En 2001, cuando ya el local les quedaba muy pequeño, Banchs y Gighliotty comenzaron la construcción de un nuevo hogar para la Farmacia El Tuque, en la misma calle, unos metros más arriba. Inauguraron en 2004, y desde entonces, con 15 empleados, dos de ellos farmacéuticos, El Tuque opera en horario de 8am a 9pm, de lunes a sábado. El récord de Farmacia El Tuque: 820 recetas en un día.

“ Cuando abrimos el nuevo local, vimos que habíamos logrado la educación de nuestra clientela. Para ese tiempo, todavía había mucha pobreza. Hacían fila, venían bien vestidos… ofrecimos servi-carro e hicimos promoción a mamás que trabajaban y llegaban tarde; la ventanilla era para ellas. Se veía la farmacia bien profesional, teníamos clínicas, la gente lo reconocía. El recetario está al nivel de la gente; lo quisimos en forma de luna, que fuera el centro de la farmacia, no que esté al fondo. Hicimos propaganda: “ De El Tuque para El Tuque” , explican las dos Nildas.

Las ventas de 2003 se duplicaron en 2004 cuando abrió el nuevo local, y luego se triplicaron en 2005. Pero, en los pasados años, con la crisis económica que ha golpeado al comercio, han bajado notablemente los márgenes de ganancia.

“ Hemos notado la crisis. Tenemos que batallar fuertemente con despachar sabiamente una receta, no robóticamente, si queremos sobrevivir. Tenemos que tener un balance de venta complementaria que es el piso, si no tenemos eso otro que el paciente busca, y tenemos personal cualificado, no lo vamos a conseguir. Aquí hay que saludar al cliente con nombre y apellido en sus primeros cinco segundos en la farmacia. La farmacia tiene que estar limpia y bien alumbrada, ser un sitio surtido, bien atendido” .

“ También tenemos el robot que dispensa medicinas el 60% de las recetas y se llama Fred, hace tres años. Eso nos da tiempo para hablar más con la gente” , menciona la farmacéutica.

Para no quedarse atrás, la Farmacia El Tuque tiene su página en la red social Facebook, con más de 2 mil personas que les siguen. Esto lo utilizan como estrategia de promoción. Por ejemplo, en navidad, sortearon una tableta PC.

Y es que se las tienen que ingeniar para captar a su clientela.

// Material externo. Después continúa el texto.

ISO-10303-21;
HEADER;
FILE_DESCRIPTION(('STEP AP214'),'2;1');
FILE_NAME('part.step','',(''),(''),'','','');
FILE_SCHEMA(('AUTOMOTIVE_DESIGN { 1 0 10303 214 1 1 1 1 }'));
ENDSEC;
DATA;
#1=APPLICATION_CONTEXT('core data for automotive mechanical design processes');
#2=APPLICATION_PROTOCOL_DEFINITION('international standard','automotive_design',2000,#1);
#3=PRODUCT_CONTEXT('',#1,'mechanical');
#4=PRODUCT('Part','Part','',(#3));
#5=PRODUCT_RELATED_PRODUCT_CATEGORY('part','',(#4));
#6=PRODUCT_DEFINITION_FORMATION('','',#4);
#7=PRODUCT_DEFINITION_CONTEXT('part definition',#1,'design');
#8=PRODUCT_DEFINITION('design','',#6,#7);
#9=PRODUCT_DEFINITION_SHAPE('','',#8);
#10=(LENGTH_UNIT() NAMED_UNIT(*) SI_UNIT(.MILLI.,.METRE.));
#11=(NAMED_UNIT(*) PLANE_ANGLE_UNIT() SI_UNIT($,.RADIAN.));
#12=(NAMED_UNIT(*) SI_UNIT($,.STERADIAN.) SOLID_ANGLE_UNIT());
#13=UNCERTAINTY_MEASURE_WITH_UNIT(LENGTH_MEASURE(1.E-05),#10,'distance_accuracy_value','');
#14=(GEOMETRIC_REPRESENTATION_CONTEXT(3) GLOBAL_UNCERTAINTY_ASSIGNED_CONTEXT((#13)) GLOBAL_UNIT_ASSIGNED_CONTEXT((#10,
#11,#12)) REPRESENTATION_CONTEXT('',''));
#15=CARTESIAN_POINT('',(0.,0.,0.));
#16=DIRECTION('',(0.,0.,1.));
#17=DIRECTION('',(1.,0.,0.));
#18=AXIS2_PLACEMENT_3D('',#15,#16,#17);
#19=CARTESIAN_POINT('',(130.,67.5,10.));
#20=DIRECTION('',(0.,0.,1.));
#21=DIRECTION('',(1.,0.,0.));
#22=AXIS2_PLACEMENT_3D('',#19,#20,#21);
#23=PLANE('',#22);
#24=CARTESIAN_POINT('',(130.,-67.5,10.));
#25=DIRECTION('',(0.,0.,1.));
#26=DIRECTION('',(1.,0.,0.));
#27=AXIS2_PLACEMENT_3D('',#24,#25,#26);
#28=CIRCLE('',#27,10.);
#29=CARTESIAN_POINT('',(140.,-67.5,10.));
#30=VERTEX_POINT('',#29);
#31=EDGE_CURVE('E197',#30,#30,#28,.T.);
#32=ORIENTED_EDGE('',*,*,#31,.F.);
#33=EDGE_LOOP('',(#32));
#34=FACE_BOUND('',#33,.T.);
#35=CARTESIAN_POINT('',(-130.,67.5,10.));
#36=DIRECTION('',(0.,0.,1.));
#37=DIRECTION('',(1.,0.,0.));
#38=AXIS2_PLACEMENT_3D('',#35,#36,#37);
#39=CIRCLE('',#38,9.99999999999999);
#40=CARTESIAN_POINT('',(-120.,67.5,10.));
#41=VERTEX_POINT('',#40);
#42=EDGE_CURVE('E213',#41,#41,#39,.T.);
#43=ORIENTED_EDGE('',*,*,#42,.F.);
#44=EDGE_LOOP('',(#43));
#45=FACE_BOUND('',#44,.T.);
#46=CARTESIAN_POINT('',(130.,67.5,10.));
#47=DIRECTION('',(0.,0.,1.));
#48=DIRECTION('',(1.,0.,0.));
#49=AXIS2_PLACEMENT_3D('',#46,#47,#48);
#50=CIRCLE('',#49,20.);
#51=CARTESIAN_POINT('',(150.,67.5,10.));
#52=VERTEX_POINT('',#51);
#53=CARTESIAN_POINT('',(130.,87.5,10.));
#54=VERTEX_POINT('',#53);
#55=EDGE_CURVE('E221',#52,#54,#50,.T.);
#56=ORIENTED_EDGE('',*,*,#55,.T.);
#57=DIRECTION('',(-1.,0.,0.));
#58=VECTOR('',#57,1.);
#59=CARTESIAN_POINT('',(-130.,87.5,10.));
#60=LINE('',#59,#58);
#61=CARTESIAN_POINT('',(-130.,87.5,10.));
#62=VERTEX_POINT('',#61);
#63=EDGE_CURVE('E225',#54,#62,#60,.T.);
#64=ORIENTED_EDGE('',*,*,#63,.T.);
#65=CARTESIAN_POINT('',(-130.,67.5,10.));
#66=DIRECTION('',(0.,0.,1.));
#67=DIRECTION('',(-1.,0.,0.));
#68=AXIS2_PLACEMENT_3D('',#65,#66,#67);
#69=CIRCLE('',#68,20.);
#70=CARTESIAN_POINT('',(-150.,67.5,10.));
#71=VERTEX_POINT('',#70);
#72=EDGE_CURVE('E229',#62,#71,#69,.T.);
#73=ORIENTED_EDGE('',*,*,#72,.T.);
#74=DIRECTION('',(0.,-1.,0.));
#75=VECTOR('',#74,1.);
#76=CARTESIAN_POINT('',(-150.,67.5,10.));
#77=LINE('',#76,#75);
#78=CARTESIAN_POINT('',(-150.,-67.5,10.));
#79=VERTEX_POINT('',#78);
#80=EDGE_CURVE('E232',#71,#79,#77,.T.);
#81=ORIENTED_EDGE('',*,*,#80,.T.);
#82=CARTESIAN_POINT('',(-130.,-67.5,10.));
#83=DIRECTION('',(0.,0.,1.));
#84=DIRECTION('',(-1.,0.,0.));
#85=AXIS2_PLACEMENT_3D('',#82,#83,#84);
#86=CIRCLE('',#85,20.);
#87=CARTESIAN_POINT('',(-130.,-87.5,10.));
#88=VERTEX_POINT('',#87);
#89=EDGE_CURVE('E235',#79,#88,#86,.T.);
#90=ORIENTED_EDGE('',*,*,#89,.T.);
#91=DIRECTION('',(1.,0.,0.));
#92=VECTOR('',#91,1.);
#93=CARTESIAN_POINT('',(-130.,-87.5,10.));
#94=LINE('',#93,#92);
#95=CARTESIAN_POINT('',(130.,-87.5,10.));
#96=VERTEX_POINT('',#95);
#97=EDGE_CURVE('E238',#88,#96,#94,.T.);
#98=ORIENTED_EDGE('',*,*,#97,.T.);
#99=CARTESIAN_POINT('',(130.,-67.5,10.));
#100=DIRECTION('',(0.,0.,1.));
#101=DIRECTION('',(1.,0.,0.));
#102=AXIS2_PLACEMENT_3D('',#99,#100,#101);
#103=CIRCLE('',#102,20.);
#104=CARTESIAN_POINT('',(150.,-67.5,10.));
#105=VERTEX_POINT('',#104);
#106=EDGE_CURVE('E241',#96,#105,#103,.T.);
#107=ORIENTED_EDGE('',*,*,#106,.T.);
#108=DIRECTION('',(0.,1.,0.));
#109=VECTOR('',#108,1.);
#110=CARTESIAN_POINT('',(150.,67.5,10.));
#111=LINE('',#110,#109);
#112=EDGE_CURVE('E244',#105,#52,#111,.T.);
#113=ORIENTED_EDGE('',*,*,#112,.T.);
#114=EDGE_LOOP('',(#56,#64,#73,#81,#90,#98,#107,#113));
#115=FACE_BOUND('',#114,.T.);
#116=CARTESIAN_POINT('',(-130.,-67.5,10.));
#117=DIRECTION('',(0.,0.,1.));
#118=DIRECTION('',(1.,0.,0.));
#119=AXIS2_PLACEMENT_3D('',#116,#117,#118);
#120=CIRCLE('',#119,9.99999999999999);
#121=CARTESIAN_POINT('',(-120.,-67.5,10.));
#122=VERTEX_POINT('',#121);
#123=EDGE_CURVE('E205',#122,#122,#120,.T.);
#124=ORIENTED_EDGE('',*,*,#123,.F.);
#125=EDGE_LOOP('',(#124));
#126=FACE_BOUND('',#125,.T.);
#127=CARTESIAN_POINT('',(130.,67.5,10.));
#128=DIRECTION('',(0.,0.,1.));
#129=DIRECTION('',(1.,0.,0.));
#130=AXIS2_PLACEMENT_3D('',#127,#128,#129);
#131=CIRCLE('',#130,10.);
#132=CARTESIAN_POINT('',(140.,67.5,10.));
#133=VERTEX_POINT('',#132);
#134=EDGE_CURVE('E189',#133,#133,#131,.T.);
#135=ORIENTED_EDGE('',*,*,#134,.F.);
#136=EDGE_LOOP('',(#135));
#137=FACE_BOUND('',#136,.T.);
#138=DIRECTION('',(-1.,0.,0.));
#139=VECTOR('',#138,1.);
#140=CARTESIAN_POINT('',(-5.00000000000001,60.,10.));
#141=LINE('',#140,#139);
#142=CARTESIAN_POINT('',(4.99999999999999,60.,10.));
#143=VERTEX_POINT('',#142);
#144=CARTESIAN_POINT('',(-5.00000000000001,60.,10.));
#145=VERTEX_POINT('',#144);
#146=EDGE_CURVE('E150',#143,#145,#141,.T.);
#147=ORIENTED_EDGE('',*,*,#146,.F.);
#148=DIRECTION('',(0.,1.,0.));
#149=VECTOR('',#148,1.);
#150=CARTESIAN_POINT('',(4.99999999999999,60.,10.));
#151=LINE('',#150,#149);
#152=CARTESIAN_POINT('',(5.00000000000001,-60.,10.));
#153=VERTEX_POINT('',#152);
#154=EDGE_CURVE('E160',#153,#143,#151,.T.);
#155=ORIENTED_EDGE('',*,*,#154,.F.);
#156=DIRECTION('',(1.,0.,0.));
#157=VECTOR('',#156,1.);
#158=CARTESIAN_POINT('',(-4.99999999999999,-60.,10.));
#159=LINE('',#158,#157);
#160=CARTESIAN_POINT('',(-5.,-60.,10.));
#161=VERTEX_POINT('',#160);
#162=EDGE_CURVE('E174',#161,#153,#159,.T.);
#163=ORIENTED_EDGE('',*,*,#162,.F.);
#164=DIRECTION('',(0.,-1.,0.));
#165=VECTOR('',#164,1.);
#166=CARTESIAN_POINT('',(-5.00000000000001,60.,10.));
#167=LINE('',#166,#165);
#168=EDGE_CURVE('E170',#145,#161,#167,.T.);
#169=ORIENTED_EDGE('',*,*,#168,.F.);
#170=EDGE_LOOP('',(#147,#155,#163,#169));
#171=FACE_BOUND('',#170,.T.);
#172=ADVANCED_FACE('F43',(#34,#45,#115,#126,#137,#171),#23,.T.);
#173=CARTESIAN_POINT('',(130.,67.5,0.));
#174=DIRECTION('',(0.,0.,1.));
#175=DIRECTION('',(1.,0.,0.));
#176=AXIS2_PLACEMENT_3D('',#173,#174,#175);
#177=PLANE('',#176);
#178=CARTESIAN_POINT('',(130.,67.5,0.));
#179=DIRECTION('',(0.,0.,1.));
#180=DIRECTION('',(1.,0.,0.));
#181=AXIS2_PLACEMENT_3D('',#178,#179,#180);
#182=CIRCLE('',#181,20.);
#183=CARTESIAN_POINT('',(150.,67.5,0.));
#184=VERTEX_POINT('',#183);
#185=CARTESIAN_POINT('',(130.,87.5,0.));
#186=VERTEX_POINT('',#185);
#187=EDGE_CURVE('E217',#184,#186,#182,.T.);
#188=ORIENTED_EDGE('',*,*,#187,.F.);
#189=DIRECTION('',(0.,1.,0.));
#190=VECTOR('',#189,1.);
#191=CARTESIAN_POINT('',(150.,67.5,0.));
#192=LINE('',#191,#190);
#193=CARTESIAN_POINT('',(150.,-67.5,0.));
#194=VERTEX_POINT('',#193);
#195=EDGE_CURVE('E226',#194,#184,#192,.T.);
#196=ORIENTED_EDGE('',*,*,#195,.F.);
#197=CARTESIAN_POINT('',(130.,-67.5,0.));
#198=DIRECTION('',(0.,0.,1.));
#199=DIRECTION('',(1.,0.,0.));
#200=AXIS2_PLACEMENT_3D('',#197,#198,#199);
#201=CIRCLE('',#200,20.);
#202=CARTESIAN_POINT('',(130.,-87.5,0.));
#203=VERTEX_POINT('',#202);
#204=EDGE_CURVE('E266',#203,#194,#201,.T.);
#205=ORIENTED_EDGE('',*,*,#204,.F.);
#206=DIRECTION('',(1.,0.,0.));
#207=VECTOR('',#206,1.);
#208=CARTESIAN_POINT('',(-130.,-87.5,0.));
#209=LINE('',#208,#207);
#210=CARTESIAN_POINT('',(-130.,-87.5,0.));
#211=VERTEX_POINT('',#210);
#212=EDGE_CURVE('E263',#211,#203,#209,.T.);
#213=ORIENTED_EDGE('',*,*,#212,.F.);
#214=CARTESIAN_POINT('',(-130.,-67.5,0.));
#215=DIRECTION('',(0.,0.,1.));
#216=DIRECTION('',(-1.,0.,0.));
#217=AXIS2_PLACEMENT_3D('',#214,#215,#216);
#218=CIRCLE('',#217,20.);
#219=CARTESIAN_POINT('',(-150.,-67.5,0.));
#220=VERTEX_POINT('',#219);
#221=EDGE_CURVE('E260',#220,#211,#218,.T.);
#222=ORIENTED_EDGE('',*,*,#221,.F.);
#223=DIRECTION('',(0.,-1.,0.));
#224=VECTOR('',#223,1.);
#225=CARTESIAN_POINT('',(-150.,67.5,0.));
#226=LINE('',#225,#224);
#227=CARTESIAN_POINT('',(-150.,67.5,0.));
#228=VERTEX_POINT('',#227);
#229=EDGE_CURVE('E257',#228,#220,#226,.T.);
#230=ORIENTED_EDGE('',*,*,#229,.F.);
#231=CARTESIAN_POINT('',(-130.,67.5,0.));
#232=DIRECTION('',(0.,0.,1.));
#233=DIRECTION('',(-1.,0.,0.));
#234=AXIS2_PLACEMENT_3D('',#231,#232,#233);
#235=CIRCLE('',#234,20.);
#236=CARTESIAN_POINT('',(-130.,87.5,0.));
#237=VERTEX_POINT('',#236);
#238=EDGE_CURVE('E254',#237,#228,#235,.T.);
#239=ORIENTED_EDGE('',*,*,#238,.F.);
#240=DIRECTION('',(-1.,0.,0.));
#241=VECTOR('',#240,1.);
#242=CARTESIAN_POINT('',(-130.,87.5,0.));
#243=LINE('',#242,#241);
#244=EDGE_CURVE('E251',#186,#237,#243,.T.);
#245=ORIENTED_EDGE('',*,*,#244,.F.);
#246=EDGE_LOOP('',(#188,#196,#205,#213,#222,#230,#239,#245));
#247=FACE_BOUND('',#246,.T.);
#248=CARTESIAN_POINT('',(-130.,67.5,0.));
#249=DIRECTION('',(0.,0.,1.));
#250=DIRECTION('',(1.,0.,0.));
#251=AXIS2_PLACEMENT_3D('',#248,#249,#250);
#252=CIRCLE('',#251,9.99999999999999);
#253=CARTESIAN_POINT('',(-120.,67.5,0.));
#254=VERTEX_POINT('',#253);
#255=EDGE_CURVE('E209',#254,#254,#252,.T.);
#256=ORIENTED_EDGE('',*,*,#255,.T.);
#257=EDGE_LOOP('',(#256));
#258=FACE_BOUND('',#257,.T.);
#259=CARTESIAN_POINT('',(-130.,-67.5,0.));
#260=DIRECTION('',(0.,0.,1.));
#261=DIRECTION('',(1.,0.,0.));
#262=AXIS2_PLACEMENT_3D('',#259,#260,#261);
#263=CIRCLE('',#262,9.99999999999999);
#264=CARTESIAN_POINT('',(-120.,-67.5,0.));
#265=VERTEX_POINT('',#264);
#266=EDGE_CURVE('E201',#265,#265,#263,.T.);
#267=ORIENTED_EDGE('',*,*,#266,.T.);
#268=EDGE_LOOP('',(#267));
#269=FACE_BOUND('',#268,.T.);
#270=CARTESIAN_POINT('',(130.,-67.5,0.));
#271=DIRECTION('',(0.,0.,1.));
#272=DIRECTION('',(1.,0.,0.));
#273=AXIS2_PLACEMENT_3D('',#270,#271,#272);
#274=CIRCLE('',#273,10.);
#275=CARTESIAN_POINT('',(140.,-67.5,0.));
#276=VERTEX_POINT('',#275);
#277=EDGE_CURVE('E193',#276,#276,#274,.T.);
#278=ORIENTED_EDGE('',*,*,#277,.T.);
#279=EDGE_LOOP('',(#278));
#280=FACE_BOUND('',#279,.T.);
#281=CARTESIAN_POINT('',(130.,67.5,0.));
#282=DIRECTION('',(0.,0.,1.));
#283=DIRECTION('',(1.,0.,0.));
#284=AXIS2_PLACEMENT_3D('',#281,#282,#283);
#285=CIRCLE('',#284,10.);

Eso lo sabe bien Banchs, quien ha sido una firme defensora de las farmacias de comunidad, y en contra de las mega cadenas extranjeras. “ Ponce no tiene necesidad de más farmacias de cadena. Hay ya siete Walgreens, y dos CVS. Y vienen dos mas, una de cada cadena. Tristemente las cadenas locales ponceñas pasaron a las lápidas. Farmacias Gonzáles y Farmacias Moscoso, que eran cadenas, ya no existen. La cadena extranjera ha afectado. La gente los patrocina, esa es la realidad. Pero el gobierno definitivamente tiene que hacer algo. No hay una ley que lo impida. Son una empresa americana establecida en Puerto Rico y los ampara el comercio interestatal” . A pesar de estas limitaciones, ya ha quedado demostrado que la lucha comunitaria organizada puede conseguir grandes éxitos defendiendo a los ponceños y a su comercio local.